他回想著剛纔看到的畫麵,那個人的背影真的很像江小姐。
“江阮?”陸川放下酒杯。
覃引點頭,“嗯,就在627包廂,我看到有一群人圍著一個人,看背影很像江小……”
他話還沒說完,就見陸川已經拉門大步走出去了。
“欸——陸……”
他連忙拿上被落在沙發上的西裝,拿上桌上簽好的合同,跟了上去。
627包廂,
“喝呀,怎麼不喝了?”
江阮靠在沙發上,筆直纖細的腿交叉著擱在大理石桌子上。
透明的玻璃杯在手中旋轉著,天花板上的燈照射在杯子上,折射出絢麗的色彩。
地麵上躺著橫七豎八的男男女女,孫靈兒跪在地上,手裡捏著酒瓶,頭發散亂,臉上紅腫,眼裡泛著淚花。
“啊……是不是酒不夠了?我再叫人送些來。”
江阮說著就要按服務鈴。
“不是!夠了!夠了!”孫靈兒挪著膝蓋爬到江阮跟前,拉住她的手。
“江阮!求求你!求求你……”
“求我?”江阮一把撇掉她抓著自己的手,“你有什麼好求我的?”
她捏住孫靈兒的下巴,迫使她抬頭。
“你不是要幫自己的好姐妹出氣嗎?怎麼?不出氣了?”
孫靈兒覺得自己一定是見到了惡魔!不然為什麼此時江阮的眼神能讓她渾身戰栗、冷汗涔涔,彷彿身處地獄!

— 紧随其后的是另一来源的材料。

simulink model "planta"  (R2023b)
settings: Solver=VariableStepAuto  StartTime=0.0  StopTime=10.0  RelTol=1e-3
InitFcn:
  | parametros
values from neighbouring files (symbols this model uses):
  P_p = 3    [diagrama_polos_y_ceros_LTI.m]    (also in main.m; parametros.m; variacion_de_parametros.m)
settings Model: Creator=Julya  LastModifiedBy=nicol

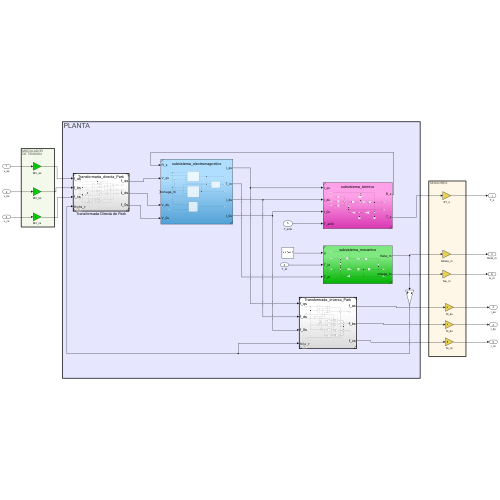
[thumbnail: Simulink's stored preview of the top-level diagram]
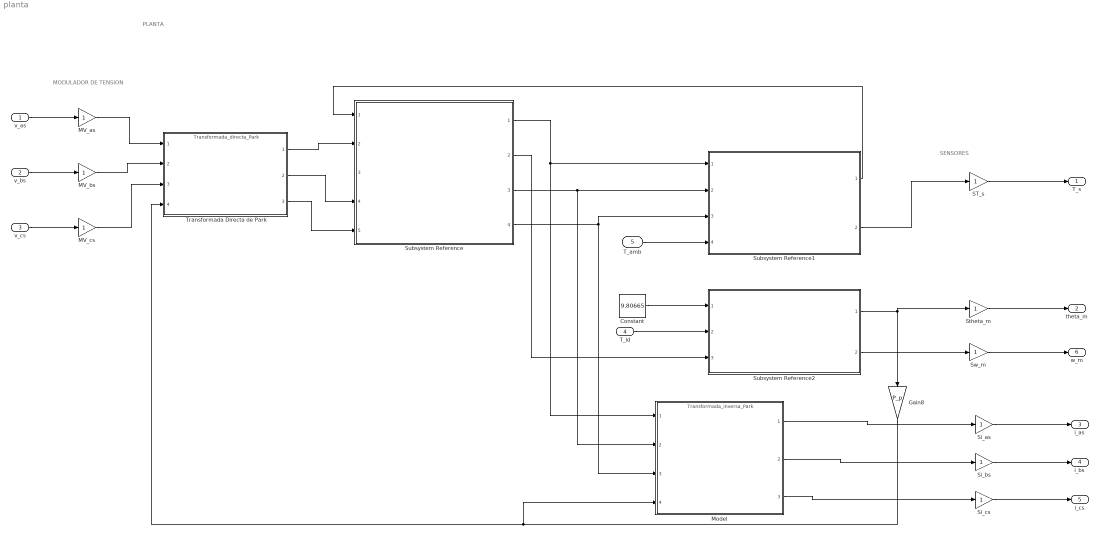
== system planta ==
  note: PLANTA
  note: SENSORES
  note: MODULADOR
      | DE TENSION
  v_as : Inport
  v_bs : Inport  Port=2
  v_cs : Inport  Port=3
  T_ld : Inport  Port=4
  T_amb : Inport  Port=5
  Constant : Constant  Value=9.80665
  Gain8 : Gain  Gain=P_p
  MV_as : Gain
  MV_bs : Gain
  MV_cs : Gain
  Model : ModelReference  ModelNameDialog=Transformada_inversa_Park.slx  SimulationMode=Normal  ModelReferenceVersion=1.3
  ST_s : Gain
  Si_as : Gain
  Si_bs : Gain
  Si_cs : Gain
  Stheta_m : Gain
  Subsystem Reference : Subsystem  ReferencedSubsystem=subsistema_electromagnetico
  Subsystem Reference1 : Subsystem  ReferencedSubsystem=subsistema_termico
  Subsystem Reference2 : Subsystem  ReferencedSubsystem=subsistema_mecanico
  Sw_m : Gain
  Transformada Directa de Park : ModelReference  ModelNameDialog=Transformada_directa_Park.slx  SimulationMode=Normal  ModelReferenceVersion=1.2
  T_s : Outport
  theta_m : Outport  Port=2
  i_as : Outport  Port=3
  i_bs : Outport  Port=4
  i_cs : Outport  Port=5
  w_m : Outport  Port=6
  wires:
  Transformada Directa de Park/1 -> Subsystem Reference/2
  Transformada Directa de Park/2 -> Subsystem Reference/4
  Transformada Directa de Park/3 -> Subsystem Reference/5
  Subsystem Reference/1 -> Model/1, Subsystem Reference1/1
  Subsystem Reference/3 -> Model/2, Subsystem Reference1/2
  Subsystem Reference/4 -> Subsystem Reference1/3, Model/3
  Subsystem Reference1/1 -> Subsystem Reference/1
  Subsystem Reference1/2 -> ST_s/1
  ST_s/1 -> T_s/1
  Subsystem Reference2/1 -> Gain8/1, Stheta_m/1
  Stheta_m/1 -> theta_m/1
  Subsystem Reference/2 -> Subsystem Reference2/3
  T_ld/1 -> Subsystem Reference2/2
  Si_as/1 -> i_as/1
  Si_bs/1 -> i_bs/1
  Si_cs/1 -> i_cs/1
  v_as/1 -> MV_as/1
  v_bs/1 -> MV_bs/1
  v_cs/1 -> MV_cs/1
  MV_as/1 -> Transformada Directa de Park/1
  MV_bs/1 -> Transformada Directa de Park/2
  MV_cs/1 -> Transformada Directa de Park/3
  Gain8/1 -> Transformada Directa de Park/4, Model/4
  Model/3 -> Si_cs/1
  Model/2 -> Si_bs/1
  Model/1 -> Si_as/1
  T_amb/1 -> Subsystem Reference1/4
  Constant/1 -> Subsystem Reference2/1
  Subsystem Reference2/2 -> Sw_m/1
  Sw_m/1 -> w_m/1

“不……不……江阮!是王慧雯指示我的!是她指示我的!”
她想——隻要把一切都推給慧雯,那江阮就能放過她吧!
“哦?”語氣上揚,似是有些意外,“她指示的?”
孫靈兒見她有所動搖,稱熱打鐵。
“對!是她!她氣不過陸總被你搶走,就和我哭訴,讓我幫她教訓你!”
“這樣啊……”江阮拉出了語調,“王小姐,是這樣的嗎?”
她鬆開了捏著孫靈兒的手,望向門口。
孫靈兒頓時渾身僵硬,她緩緩轉動脖子,在看到站在門口的王慧雯的時候,眼睛瞪大,滿眼慌亂。
慧雯怎麼會在這裡?!
“慧雯!不是這樣的!是她是她逼我的!我也不想的!”
王慧雯就這麼站在門口,沒有踏進來一步。
“靈兒……”
她沒有想到,多年的姐妹能說出這樣的話。
她閉上眼睛,忍下即將奪眶而出的眼淚。
然後睜眼,看向江阮,“江小姐,我不喜歡陸總,也沒有要和你爭的意思。”
“我知道。”
江阮重新舒服地靠在沙發上。
“我能……把她帶走嗎?”王慧雯指了指癱在地上的孫靈兒,“我需要帶她去醫院,你放心,我不會追究的。”
就算要追究,恐怕也落不到一點好處。
江阮的背後——可是陸川。
江阮揚了揚眉,默許了。
王慧雯扶起孫靈兒,架著她走出去,碰上了陸川。
她想說什麼,嘴還沒張開,男人就已經和她擦肩而過,不帶絲毫停頓。
覃引:“王小姐,需不需要我幫你們叫……救護車?”
王慧雯搖頭,“不用,沒那麼嚴重。”
“好的,那你們……路上小心。”
陸川趕到627門口的時候,見到的是江阮從躺滿人的地上麵無表情踩過的場麵。
她絲毫不顧地上人的痛呼,帶著冷厲和鋒芒,如履平地,直到走到門口,站到他麵前。
“讓讓。”
她說。
陸川動也沒動,蹙著眉,仔仔細細地把她全身掃視了一遍。
視線在她的右手手背處停住。
她白皙的手背處,劃傷了一道口子,不淺,有血滲出來。
可她卻像是沒察覺到一樣,管都不管。
“你受傷了。”
陸川抓過江阮的手,傷口邊緣清晰,長度足足有五公分,皮肉微微外翻,顯然是被利器割開的。
這傷不輕。
江阮這才注意到自己手上的傷,她抽回手,不甚在意。
應該是剛才動手的時候,被一個人拔出的刀劃傷的。
“我自己會處理。”
她說著,邁腿就要從陸川身邊走過。
“跟我走。”
陸川再次把她的手腕牢牢抓在手裡,沉聲道。